Trump’s contradictory policies could lead to nuclear war with North Korea: Slavoj Zizek remembers his own military service

Slavoj Zizek | The Independent

The US is pursuing two contradictory strategies with North Korea and it could lead to nuclear war.

 

Since it opened in Berlin in 2015, Ferdinand von Schirach’s Terrorbecame a global hit, with hundreds of stagings all around the world, as well as an unending flow of ethical debates in mass media.

It is a court drama, the report of the trial against Lars Koch, a German fighter pilot who has shot down a Lufthansa plane that has been hijacked by a terrorist; the plane was heading for a stadium of 70,000 people (watching a Germany-England game), and Koch’s pragmatic decision – one in which he broke the constitutional law – was to end the lives of 164 people on the plane rather than allow the terrorist to slaughter a far greater number at the stadium.

At the end, the audience must vote: guilty or not guilty. Each spectator is provided with a small gadget with two buttons, 1 (guilty) or 2 (not guilty), and the audience learns its verdict. Predictably, the majority (at least in the Western theatres) proclaims Koch not guilty.

We are undoubtedly dealing with a genuine antinomy of moral reason (to use a Kantian turn) here: if we formulate the dilemma in this clear way, there simply is not an unambiguous solution.
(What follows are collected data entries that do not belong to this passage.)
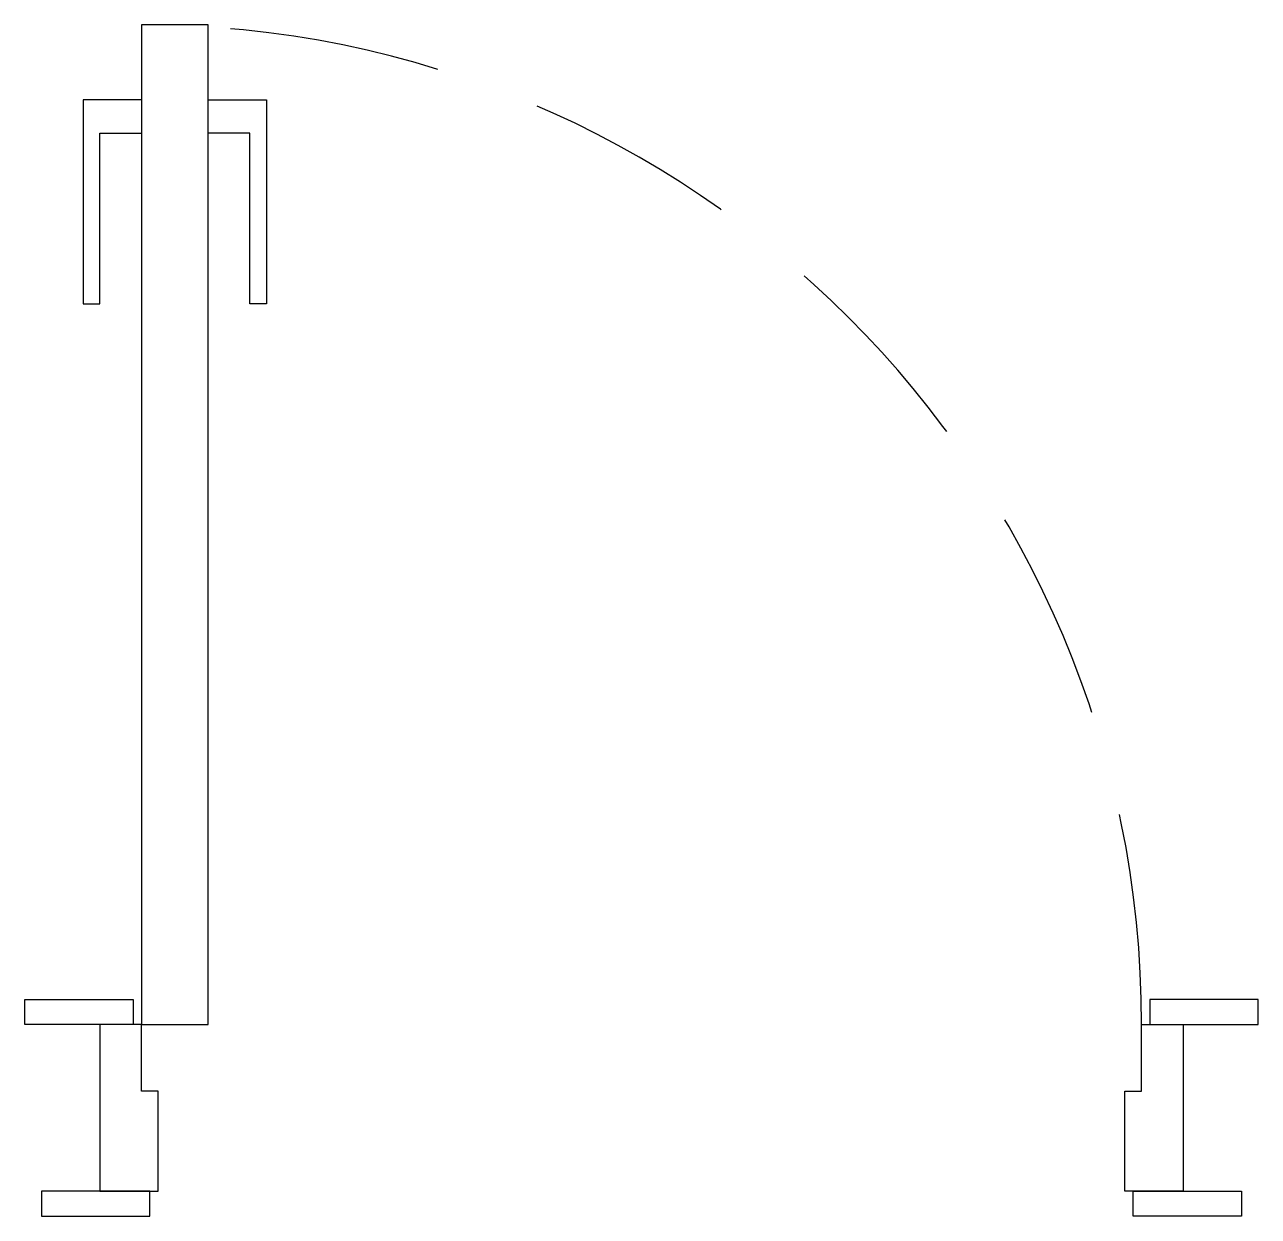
# Model space of a CAD drawing. Header units: centimetres. Extents: x -7 to 67, y -11.5 to 60.
import ezdxf

# ---------------------------------------------------------------- set-up
doc = ezdxf.new("R2010")
doc.units = ezdxf.units.CM
doc.linetypes.add('DASHED', pattern=[19.05, 12.7, -6.35])
for name, color, linetype in [('ATS-Pena 1', 1, 'Continuous'), ('ATS-Projeções', 1, 'DASHED'), ('ATS-Sólidos', 9, 'Continuous')]:
    doc.layers.add(name, color=color, linetype=linetype)

msp = doc.modelspace()

# ---------------------------------------------------------------- wipeouts: each hides what was drawn before it
for points in [[(0, 0), (4, 0), (4, 60), (0, 60)], [(66, -11.5), (59.5, -11.5), (59.5, -10), (59, -10), (59, -4), (60, -4), (60, 0), (60.5, 0), (60.5, 1.5), (67, 1.5), (67, 0), (62.5, 0), (62.5, -10), (66, -10)]]:
    msp.add_wipeout(points).dxf.layer = 'ATS-Sólidos'

# ---------------------------------------------------------------- next in the draw order: linework, layer by layer
for points in [[(60.5, 0), (67, 0), (67, 1.5), (60.5, 1.5)], [(62.5, -10), (59, -10), (59, -4), (60, -4), (60, 0), (62.5, 0)], [(66, -11.5), (59.5, -11.5), (59.5, -10), (66, -10)]]:
    msp.add_lwpolyline(points, close=True)

# ---------------------------------------------------------------- next in the draw order: wipeouts: each hides what was drawn before it
for points in [[(0, 53.5), (-2.5, 53.5), (-2.5, 43.25), (-3.5, 43.25), (-3.5, 55.5), (0, 55.5)], [(4, 53.5), (6.5, 53.5), (6.5, 43.25), (7.5, 43.25), (7.5, 55.5), (4, 55.5)], [(-7, 1.5), (-0.5, 1.5), (-0.5, 0), (0, 0), (0, -4), (1, -4), (1, -10), (0.5, -10), (0.5, -11.5), (-6, -11.5), (-6, -10), (-2.5, -10), (-2.5, 0), (-7, 0)]]:
    msp.add_wipeout(points).dxf.layer = 'ATS-Sólidos'

# ---------------------------------------------------------------- next in the draw order: linework, layer by layer
for points in [[(0, 0), (4, 0), (4, 60), (0, 60)], [(-0.5, 0), (-7, 0), (-7, 1.5), (-0.5, 1.5)], [(-2.5, -10), (1, -10), (1, -4), (0, -4), (0, 0), (-2.5, 0)], [(-6, -11.5), (0.5, -11.5), (0.5, -10), (-6, -10)]]:
    msp.add_lwpolyline(points, close=True)
at = {"layer": 'ATS-Pena 1'}
for points in [[(0, 55.5), (-3.5, 55.5), (-3.5, 43.25), (-2.5, 43.25), (-2.5, 53.5), (0, 53.5)], [(4, 55.5), (7.5, 55.5), (7.5, 43.25), (6.5, 43.25), (6.5, 53.5), (4, 53.5)]]:
    msp.add_lwpolyline(points, dxfattribs=at)
at = {"layer": 'ATS-Projeções'}
msp.add_arc((0, 0), 60, 360, 90, dxfattribs=at)

doc.saveas('drawing.dxf')
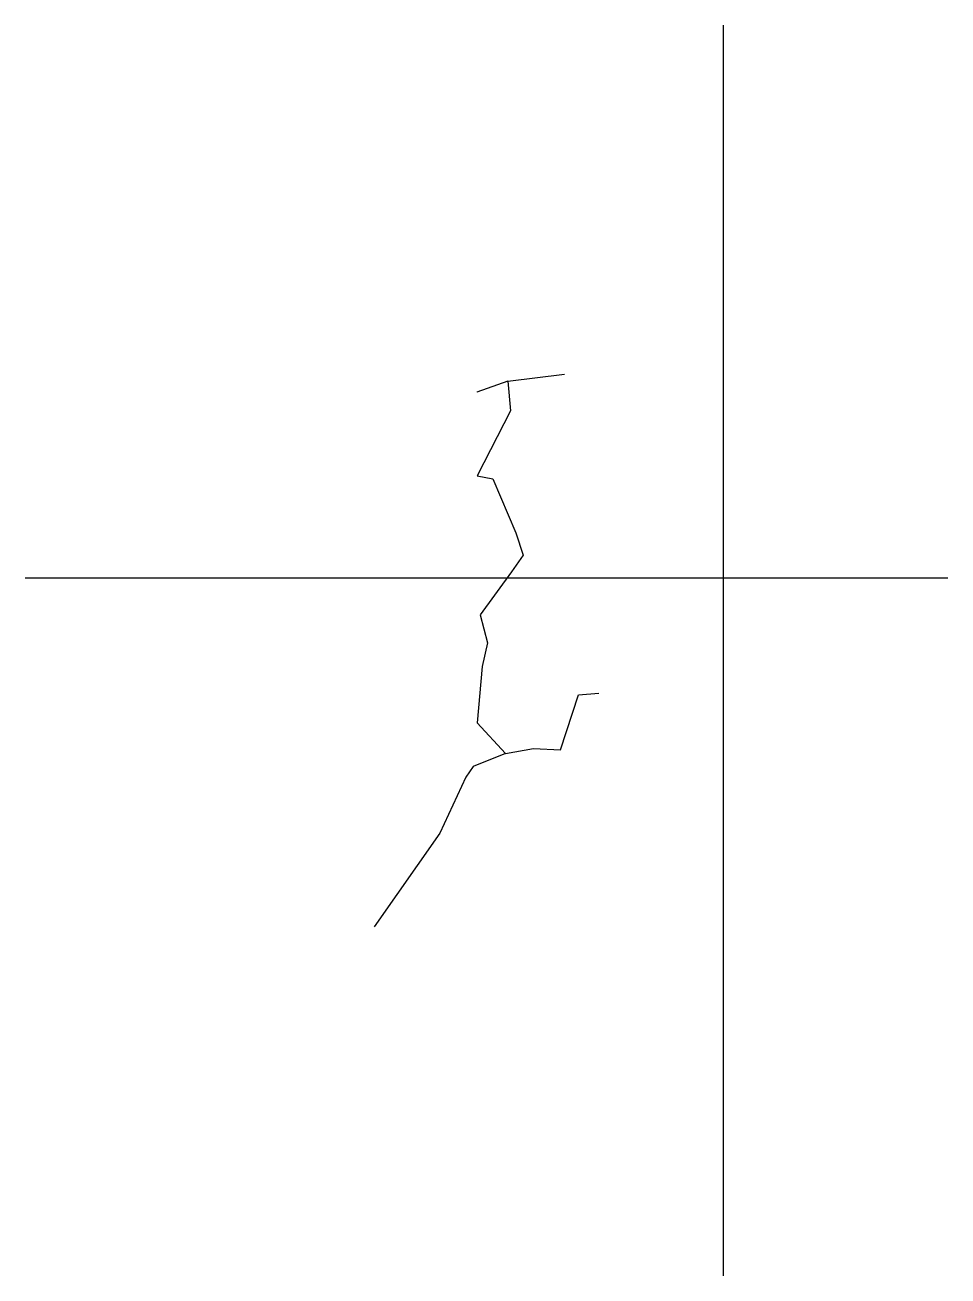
# Model space of a CAD drawing. Extents: x 0 to 132, y 0 to 179.
import ezdxf

# ---------------------------------------------------------------- set-up
doc = ezdxf.new("R2010")
doc.units = 0
doc.layers.add('CentreLine', color=5, linetype='CONTINUOUS')
doc.layers.add('Grid', color=7, linetype='CONTINUOUS')

msp = doc.modelspace()

# ---------------------------------------------------------------- linework, layer by layer
at = {"layer": 'CentreLine'}
for p, q in [((69.14, 128.19, 5.71), (77.23, 129.18)), ((69.14, 128.19, 5.71), (64.68, 126.57, 8.91)), ((69.14, 128.19, 5.71), (69.51, 123.92, 3.13)), ((64.68, 126.57, 8.91), (64.68, 126.57, 17.23)), ((69.51, 123.92, 3.13), (64.76, 114.59, 6.34)), ((64.76, 114.59, 6.34), (66.98, 114.2, 4.64)), ((66.98, 114.2, 4.64), (66.98, 114.2, 12.75)), ((66.98, 114.2, 12.75), (70.27, 106.45, 12.16)), ((70.27, 106.45, 12.16), (71.31, 103.25, 12.63)), ((71.31, 103.25, 12.63), (69.65, 100.88, 12.53)), ((69.65, 100.88, 12.53), (65.17, 94.71, 28.17)), ((65.17, 94.71, 28.17), (66.24, 90.69, 26.9)), ((66.24, 90.69, 26.9), (65.46, 87.28, 26.22)), ((65.46, 87.28, 26.22), (64.75, 79.22, 24.35)), ((76.66, 75.35, 26.34), (79.23, 83.24, 26.05)), ((79.23, 83.24, 26.05), (82.16, 83.5, 26.15)), ((64.75, 79.22, 24.35), (68.82, 74.86, 21.7)), ((68.82, 74.86, 21.7), (72.79, 75.56, 25.08)), ((72.79, 75.56, 25.08), (76.66, 75.35, 26.34)), ((68.82, 74.86, 21.7), (64.18, 72.98, 23.32)), ((64.18, 72.98, 23.32), (63.14, 71.45, 25.38)), ((63.14, 71.45, 25.38), (59.4, 63.43, 26.78)), ((59.4, 63.43, 26.78), (50, 50, 29.67))]:
    msp.add_line(p, q, dxfattribs=at)
at = {"layer": 'Grid'}
for p, q in [((100, 0), (100, 179.18)), ((0, 100), (132.16, 100))]:
    msp.add_line(p, q, dxfattribs=at)

doc.saveas('drawing.dxf')

Any play with certainty and percentages – in the style of “If I am absolutely sure that by killing one man I will save at least 50, then…” – amounts to an obscenity.

However, our gut feeling that there is something deeply wrong and false with the choice staged by the play is fully justified: the choice is ideology at its purest, mainly because of what it leaves out in order to present a clear and simple picture.

Basically, we are addressed as individuals, confronted with a tough choice whose very clarity (shoot down the plane or not?) obfuscates all other relevant features. What about emptying the stadium (there was enough time); what about the geopolitical causes of such terrorist acts; what about our military interventions into Arab countries; what about our alliance with Saudi Arabia? Did we choose any of that, were we asked to choose any of that? Why do we feel all the pressure of the choice only when we confront a consequence of all these previous choices?

But there is another, more basic, feature of the play that we should address. Upon a closer look, it becomes clear that, when Koch chooses to shoot the plan down, he does not really make a unique existential decision but just follows the implicit social injunction.

His conversations with military superiors made it clear that they suppose he will shoot down the plane. They even implicitly put pressure on him to do it; they just don’t want to tell him to directly do it.

The situation reminds me of my recent stay in a hotel in Skopje, Macedonia: my companion inquired if smoking is permitted in our room, and the answer she got from the receptionist was unique: “Of course not, it is prohibited by the law. But you have ashtrays in the room, so this is not a problem.”

This was not the end of our surprises: when we entered the room, there was effectively a glass ashtray on the table, and on its bottom there was an image painted, a cigarette over which there was a large circle with a diagonal line across it designating prohibition. “No smoking”, written on an ashtray.

So this was not the usual game one encounters in tolerant hotels where they whisper to you discreetly that, although it is officially prohibited, you can do it carefully, standing by an open window or something like that. The contradiction (between prohibition and permission) was openly assumed and thereby cancelled, treated as inexistent – in other words, the message was: “It’s prohibited, and here is how you do it.”

Was Koch’s situation not exactly the same? The repeated message from his superiors was: “It’s prohibited by the law – and do it!”

This is how armies function. I remember a similar incident from my military service. One morning, in our first class of the day, the officer running the session mentioned that it is prohibited to shoot at parachuters while they are still in the air, i.e. before they touch ground. In a happy coincidence, our next class was about rifle shooting, and the same officer taught us how to target a parachuter in the air (how, while aiming at it, one should take into account the velocity of his descent and the direction and strength of the wind, and so on).

When one of the soldiers asked the officer about the contradiction between this lesson and what we learned just an hour before (the prohibition to shoot at parachuters), the officer just snapped back with cynical laughter: “How can you be so stupid? Don’t you understand how life works?”